__What this task involves__.
Among the entries that follow, the required portion opens with the line containing "104.1h2.5M106 106.7h2.5M106 109.2h2.5M106" and closes with the line containing "111.8h.5M149.1 114.3h.5M149.1 116.8h.5M149.1". Give that portion again exactly, and nothing else.

(Records from a dataset)
··········

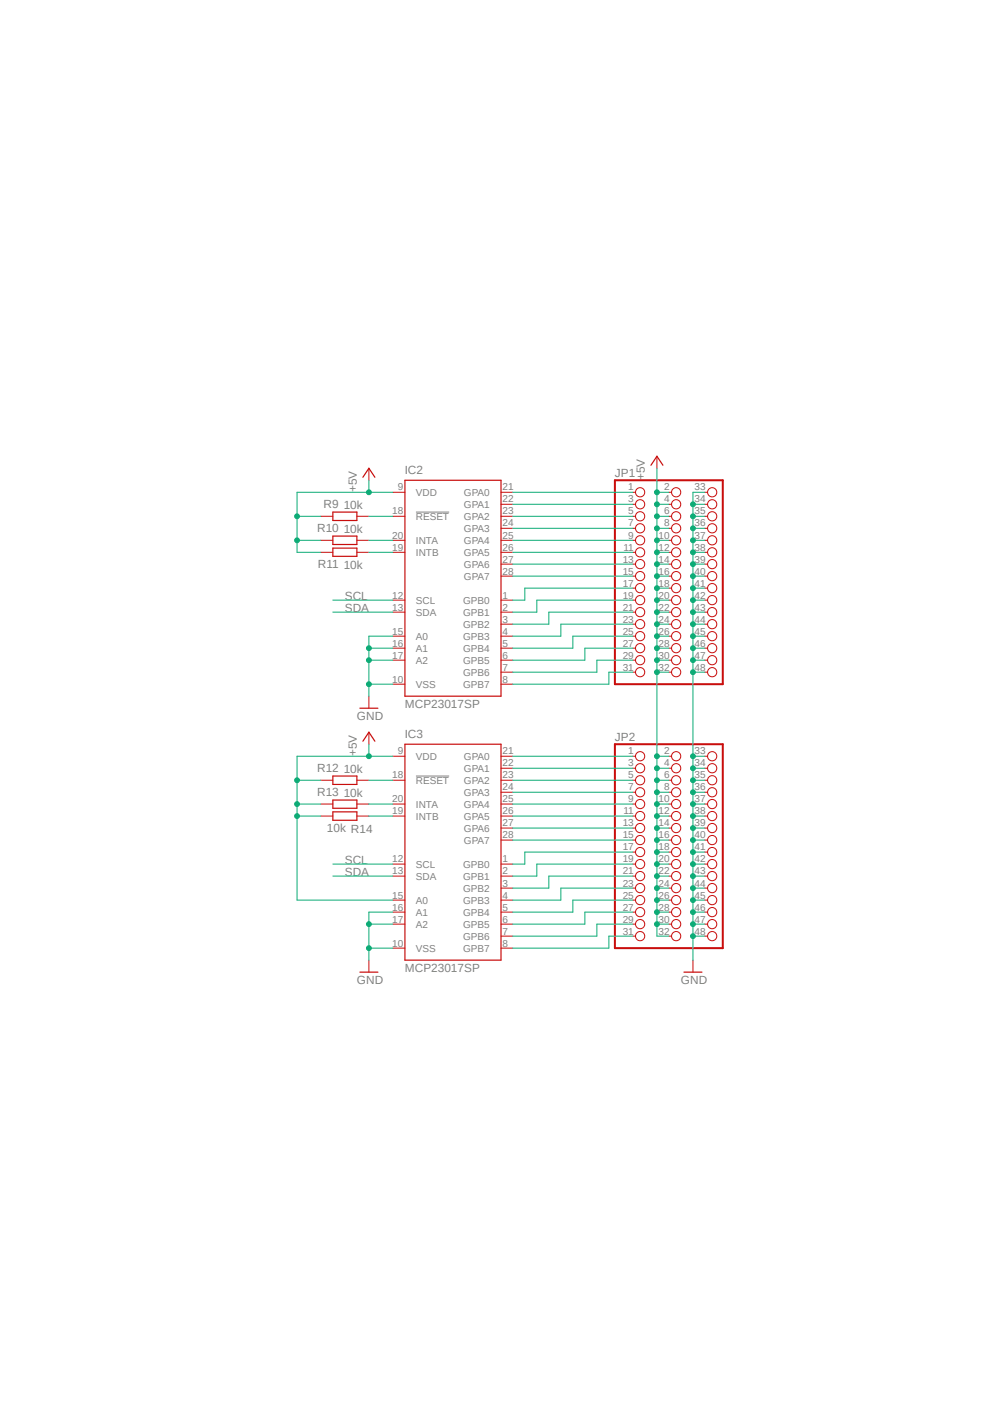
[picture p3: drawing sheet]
<svg xmlns="http://www.w3.org/2000/svg" width="210mm" height="297mm" viewBox="0 0 210 297" stroke-linecap="round" stroke-linejoin="round" font-family="sans-serif">
<path d="M61.8 94.1l92.2 114.7M154 94.1l-92.2 114.7" fill="none" stroke="#fff" stroke-width=".21"/>
<path d="M88 108.3h7M88 164.2h7" fill="none" stroke="#808080" stroke-width=".21"/>
<path d="M130 101.6h22.9v43.1h-22.9zM130 157.4h22.9v43.2h-22.9z" fill="none" stroke="#c90d0c" stroke-width=".42"/>
<g fill="none" stroke="#c90d0c" stroke-width=".21">
<path d="M78 99.1v2.5M138.9 96.5v2.6M67.9 109.2h2.5M67.9 114.3h2.5M67.9 116.8h2.5M75.5 109.2h2.5M75.5 114.3h2.5M75.5 116.8h2.5M83.1 104.1h2.5M83.1 109.2h2.5M83.1 114.3h2.5M83.1 116.8h2.5"/>
<path d="M106 104.1h2.5M106 106.7h2.5M106 109.2h2.5M106 111.8h2.5M106 114.3h2.5M106 116.8h2.5M106 119.3h2.5M133.9 104.1h.5M133.9 106.7h.5M133.9 109.2h.5M133.9 111.8h.5M133.9 114.3h.5"/>
<path d="M133.9 116.8h.5M133.9 119.3h.5M141.5 104.1h.5M141.5 106.7h.5M141.5 109.2h.5M141.5 111.8h.5M141.5 114.3h.5M141.5 116.8h.5M141.5 119.3h.5M149.1 104.1h.5M149.1 106.7h.5M149.1 109.2h.5"/>
<path d="M149.1 111.8h.5M149.1 114.3h.5M149.1 116.8h.5M149.1 119.3h.5M83.1 127h2.5M83.1 129.5h2.5M83.1 134.6h2.5M83.1 137.1h2.5M83.1 139.7h2.5M106 121.9h2.5M106 127h2.5M106 129.5h2.5"/>
<path d="M106 132h2.5M106 134.6h2.5M106 137.1h2.5M106 139.7h2.5M133.9 121.9h.5M133.9 124.4h.5M133.9 127h.5M133.9 129.5h.5M133.9 132h.5M133.9 134.6h.5M133.9 137.1h.5M133.9 139.7h.5"/>
<path d="M141.5 121.9h.5M141.5 124.4h.5M141.5 127h.5M141.5 129.5h.5M141.5 132h.5M141.5 134.6h.5M141.5 137.1h.5M141.5 139.7h.5M149.1 121.9h.5M149.1 124.4h.5M149.1 127h.5M149.1 129.5h.5"/>
<path d="M149.1 132h.5M149.1 134.6h.5M149.1 137.1h.5M149.1 139.7h.5M78 147.3v2.5M78 154.9v2.5M83.1 160h2.5M83.1 144.7h2.5M106 142.2h2.5M106 160h2.5M106 144.7h2.5M133.9 142.2h.5"/>
<path d="M133.9 160h.5M141.5 142.2h.5M141.5 160h.5M149.1 142.2h.5M149.1 160h.5M67.9 165.1h2.5M67.9 170.1h2.5M67.9 172.6h2.5M75.5 165.1h2.5M75.5 170.1h2.5M75.5 172.6h2.5M83.1 165.1h2.5"/>
<path d="M83.1 170.1h2.5M83.1 172.6h2.5M106 162.5h2.5M106 165.1h2.5M106 167.6h2.5M106 170.1h2.5M106 172.6h2.5M106 175.2h2.5M106 177.7h2.5M133.9 162.5h.5M133.9 165.1h.5M133.9 167.6h.5"/>
<path d="M133.9 170.1h.5M133.9 172.6h.5M133.9 175.2h.5M133.9 177.7h.5M141.5 162.5h.5M141.5 165.1h.5M141.5 167.6h.5M141.5 170.1h.5M141.5 172.6h.5M141.5 175.2h.5M141.5 177.7h.5M149.1 162.5h.5"/>
<path d="M149.1 165.1h.5M149.1 167.6h.5M149.1 170.1h.5M149.1 172.6h.5M149.1 175.2h.5M149.1 177.7h.5M83.1 182.8h2.5M83.1 185.3h2.5M83.1 190.4h2.5M83.1 193h2.5M83.1 195.5h2.5M106 182.8h2.5"/>
<path d="M106 185.3h2.5M106 187.9h2.5M106 190.4h2.5M106 193h2.5M106 195.5h2.5M106 198h2.5M133.9 180.3h.5M133.9 182.8h.5M133.9 185.3h.5M133.9 187.9h.5M133.9 190.4h.5M133.9 193h.5"/>
<path d="M133.9 195.5h.5M133.9 198h.5M141.5 180.3h.5M141.5 182.8h.5M141.5 185.3h.5M141.5 187.9h.5M141.5 190.4h.5M141.5 193h.5M141.5 195.5h.5M141.5 198h.5M149.1 180.3h.5M149.1 182.8h.5"/>
<path d="M149.1 185.3h.5M149.1 187.9h.5M149.1 190.4h.5M149.1 193h.5M149.1 195.5h.5M149.1 198h.5M78 203.1v2.6M83.1 200.6h2.5M106 200.6h2.5M146.6 203.1v2.6"/>
<circle cx="135.4" cy="111.8" r=".98"/>
<circle cx="135.4" cy="114.3" r=".98"/>
<circle cx="135.4" cy="119.3" r=".98"/>
<circle cx="135.4" cy="116.8" r=".98"/>
<circle cx="135.4" cy="109.2" r=".98"/>
<circle cx="135.4" cy="106.7" r=".98"/>
<circle cx="135.4" cy="104.1" r=".98"/>
<circle cx="143" cy="111.8" r=".98"/>
<circle cx="143" cy="109.2" r=".98"/>
<circle cx="143" cy="114.3" r=".98"/>
<circle cx="143" cy="119.3" r=".98"/>
<circle cx="143" cy="116.8" r=".98"/>
<circle cx="143" cy="106.7" r=".98"/>
<circle cx="143" cy="104.1" r=".98"/>
<circle cx="150.6" cy="111.8" r=".98"/>
<circle cx="150.6" cy="104.1" r=".98"/>
<circle cx="150.6" cy="109.2" r=".98"/>
<circle cx="150.6" cy="114.3" r=".98"/>
<circle cx="150.6" cy="116.8" r=".98"/>
<circle cx="150.6" cy="119.3" r=".98"/>
<circle cx="150.6" cy="106.7" r=".98"/>
<circle cx="135.4" cy="121.9" r=".98"/>
<circle cx="135.4" cy="127" r=".98"/>
<circle cx="135.4" cy="137.1" r=".98"/>
<circle cx="135.4" cy="129.5" r=".98"/>
<circle cx="135.4" cy="132" r=".98"/>
<circle cx="135.4" cy="139.7" r=".98"/>
<circle cx="135.4" cy="124.4" r=".98"/>
<circle cx="135.4" cy="134.6" r=".98"/>
<circle cx="143" cy="132" r=".98"/>
<circle cx="143" cy="134.6" r=".98"/>
<circle cx="143" cy="139.7" r=".98"/>
<circle cx="143" cy="121.9" r=".98"/>
<circle cx="143" cy="137.1" r=".98"/>
<circle cx="143" cy="124.4" r=".98"/>
<circle cx="143" cy="127" r=".98"/>
<circle cx="143" cy="129.5" r=".98"/>
<circle cx="150.6" cy="124.4" r=".98"/>
<circle cx="150.6" cy="121.9" r=".98"/>
<circle cx="150.6" cy="137.1" r=".98"/>
<circle cx="150.6" cy="139.7" r=".98"/>
<circle cx="150.6" cy="129.5" r=".98"/>
<circle cx="150.6" cy="127" r=".98"/>
<circle cx="150.6" cy="132" r=".98"/>
<circle cx="150.6" cy="134.6" r=".98"/>
<circle cx="135.4" cy="142.2" r=".98"/>
<circle cx="135.4" cy="160" r=".98"/>
<circle cx="143" cy="142.2" r=".98"/>
<circle cx="143" cy="160" r=".98"/>
<circle cx="150.6" cy="142.2" r=".98"/>
<circle cx="150.6" cy="160" r=".98"/>
<circle cx="135.4" cy="162.5" r=".98"/>
<circle cx="135.4" cy="165.1" r=".98"/>
<circle cx="135.4" cy="172.6" r=".98"/>
<circle cx="135.4" cy="170.1" r=".98"/>
<circle cx="135.4" cy="175.2" r=".98"/>
<circle cx="135.4" cy="177.7" r=".98"/>
<circle cx="135.4" cy="167.6" r=".98"/>
<circle cx="143" cy="162.5" r=".98"/>
<circle cx="143" cy="175.2" r=".98"/>
<circle cx="143" cy="165.1" r=".98"/>
<circle cx="143" cy="167.6" r=".98"/>
<circle cx="143" cy="172.6" r=".98"/>
<circle cx="143" cy="177.7" r=".98"/>
<circle cx="143" cy="170.1" r=".98"/>
<circle cx="150.6" cy="170.1" r=".98"/>
<circle cx="150.6" cy="175.2" r=".98"/>
<circle cx="150.6" cy="177.7" r=".98"/>
<circle cx="150.6" cy="172.6" r=".98"/>
<circle cx="150.6" cy="165.1" r=".98"/>
<circle cx="150.6" cy="162.5" r=".98"/>
<circle cx="150.6" cy="167.6" r=".98"/>
<circle cx="135.4" cy="193" r=".98"/>
<circle cx="135.4" cy="195.5" r=".98"/>
<circle cx="135.4" cy="190.4" r=".98"/>
<circle cx="135.4" cy="180.3" r=".98"/>
<circle cx="135.4" cy="187.9" r=".98"/>
<circle cx="135.4" cy="198" r=".98"/>
<circle cx="135.4" cy="185.3" r=".98"/>
<circle cx="135.4" cy="182.8" r=".98"/>
<circle cx="143" cy="190.4" r=".98"/>
<circle cx="143" cy="198" r=".98"/>
<circle cx="143" cy="180.3" r=".98"/>
<circle cx="143" cy="182.8" r=".98"/>
<circle cx="143" cy="187.9" r=".98"/>
<circle cx="143" cy="193" r=".98"/>
<circle cx="143" cy="195.5" r=".98"/>
<circle cx="143" cy="185.3" r=".98"/>
<circle cx="150.6" cy="190.4" r=".98"/>
<circle cx="150.6" cy="198" r=".98"/>
<circle cx="150.6" cy="180.3" r=".98"/>
<circle cx="150.6" cy="193" r=".98"/>
<circle cx="150.6" cy="195.5" r=".98"/>
<circle cx="150.6" cy="185.3" r=".98"/>
<circle cx="150.6" cy="182.8" r=".98"/>
<circle cx="150.6" cy="187.9" r=".98"/>
</g>
<g fill="none" stroke="#c90d0c" stroke-width=".25">
<path d="M137.7 98.4l1.2-1.9 1.3 1.9M70.4 108.3h5.1v1.8h-5.1zM70.4 113.4h5.1v1.8h-5.1zM70.4 116h5.1v1.7h-5.1zM76.8 101l1.2-1.9 1.3 1.9M85.6 101.6h20.4v45.7h-20.4zM76.1 149.8h3.8M76.8 156.8l1.2-1.9 1.3 1.9M85.6 157.4h20.4v45.7h-20.4zM70.4 164.2h5.1v1.7h-5.1zM70.4 169.2h5.1v1.8h-5.1zM70.4 171.7h5.1v1.8h-5.1z"/>
<path d="M76.1 205.7h3.8M144.7 205.7h3.8"/>
</g>
<path d="M138.9 99.1v98.9h2.6M138.9 104.1h2.6" fill="none" stroke="#0dab76" stroke-width=".21"/>
<circle cx="138.9" cy="104.1" r=".51" fill="#0dab76"/>
<g fill="none" stroke="#0dab76" stroke-width=".21">
<path d="M138.9 106.7h2.6"/>
<circle cx="138.9" cy="104.1" r=".51"/>
</g>
<circle cx="138.9" cy="106.7" r=".51" fill="#0dab76"/>
<g fill="none" stroke="#0dab76" stroke-width=".21">
<path d="M138.9 109.2h2.6"/>
<circle cx="138.9" cy="106.7" r=".51"/>
</g>
<circle cx="138.9" cy="109.2" r=".51" fill="#0dab76"/>
<g fill="none" stroke="#0dab76" stroke-width=".21">
<path d="M138.9 111.8h2.6"/>
<circle cx="138.9" cy="109.2" r=".51"/>
</g>
<circle cx="138.9" cy="111.8" r=".51" fill="#0dab76"/>
<g fill="none" stroke="#0dab76" stroke-width=".21">
<path d="M138.9 114.3h2.6"/>
<circle cx="138.9" cy="111.8" r=".51"/>
</g>
<circle cx="138.9" cy="114.3" r=".51" fill="#0dab76"/>
<g fill="none" stroke="#0dab76" stroke-width=".21">
<path d="M138.9 116.8h2.6"/>
<circle cx="138.9" cy="114.3" r=".51"/>
</g>
<circle cx="138.9" cy="116.8" r=".51" fill="#0dab76"/>
<g fill="none" stroke="#0dab76" stroke-width=".21">
<path d="M138.9 119.3h2.6"/>
<circle cx="138.9" cy="116.8" r=".51"/>
</g>
<circle cx="138.9" cy="119.3" r=".51" fill="#0dab76"/>
<g fill="none" stroke="#0dab76" stroke-width=".21">
<path d="M138.9 121.9h2.6"/>
<circle cx="138.9" cy="119.3" r=".51"/>
</g>
<circle cx="138.9" cy="121.9" r=".51" fill="#0dab76"/>
<g fill="none" stroke="#0dab76" stroke-width=".21">
<path d="M138.9 124.4h2.6"/>
<circle cx="138.9" cy="121.9" r=".51"/>
</g>
<circle cx="138.9" cy="124.4" r=".51" fill="#0dab76"/>
<g fill="none" stroke="#0dab76" stroke-width=".21">
<path d="M138.9 127h2.6"/>
<circle cx="138.9" cy="124.4" r=".51"/>
</g>
<circle cx="138.9" cy="127" r=".51" fill="#0dab76"/>
<g fill="none" stroke="#0dab76" stroke-width=".21">
<path d="M138.9 129.5h2.6"/>
<circle cx="138.9" cy="127" r=".51"/>
</g>
<circle cx="138.9" cy="129.5" r=".51" fill="#0dab76"/>
<g fill="none" stroke="#0dab76" stroke-width=".21">
<path d="M138.9 132h2.6"/>
<circle cx="138.9" cy="129.5" r=".51"/>
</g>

··········

__Completed task__.
<path d="M106 104.1h2.5M106 106.7h2.5M106 109.2h2.5M106 111.8h2.5M106 114.3h2.5M106 116.8h2.5M106 119.3h2.5M133.9 104.1h.5M133.9 106.7h.5M133.9 109.2h.5M133.9 111.8h.5M133.9 114.3h.5"/>
<path d="M133.9 116.8h.5M133.9 119.3h.5M141.5 104.1h.5M141.5 106.7h.5M141.5 109.2h.5M141.5 111.8h.5M141.5 114.3h.5M141.5 116.8h.5M141.5 119.3h.5M149.1 104.1h.5M149.1 106.7h.5M149.1 109.2h.5"/>
<path d="M149.1 111.8h.5M149.1 114.3h.5M149.1 116.8h.5M149.1 119.3h.5M83.1 127h2.5M83.1 129.5h2.5M83.1 134.6h2.5M83.1 137.1h2.5M83.1 139.7h2.5M106 121.9h2.5M106 127h2.5M106 129.5h2.5"/>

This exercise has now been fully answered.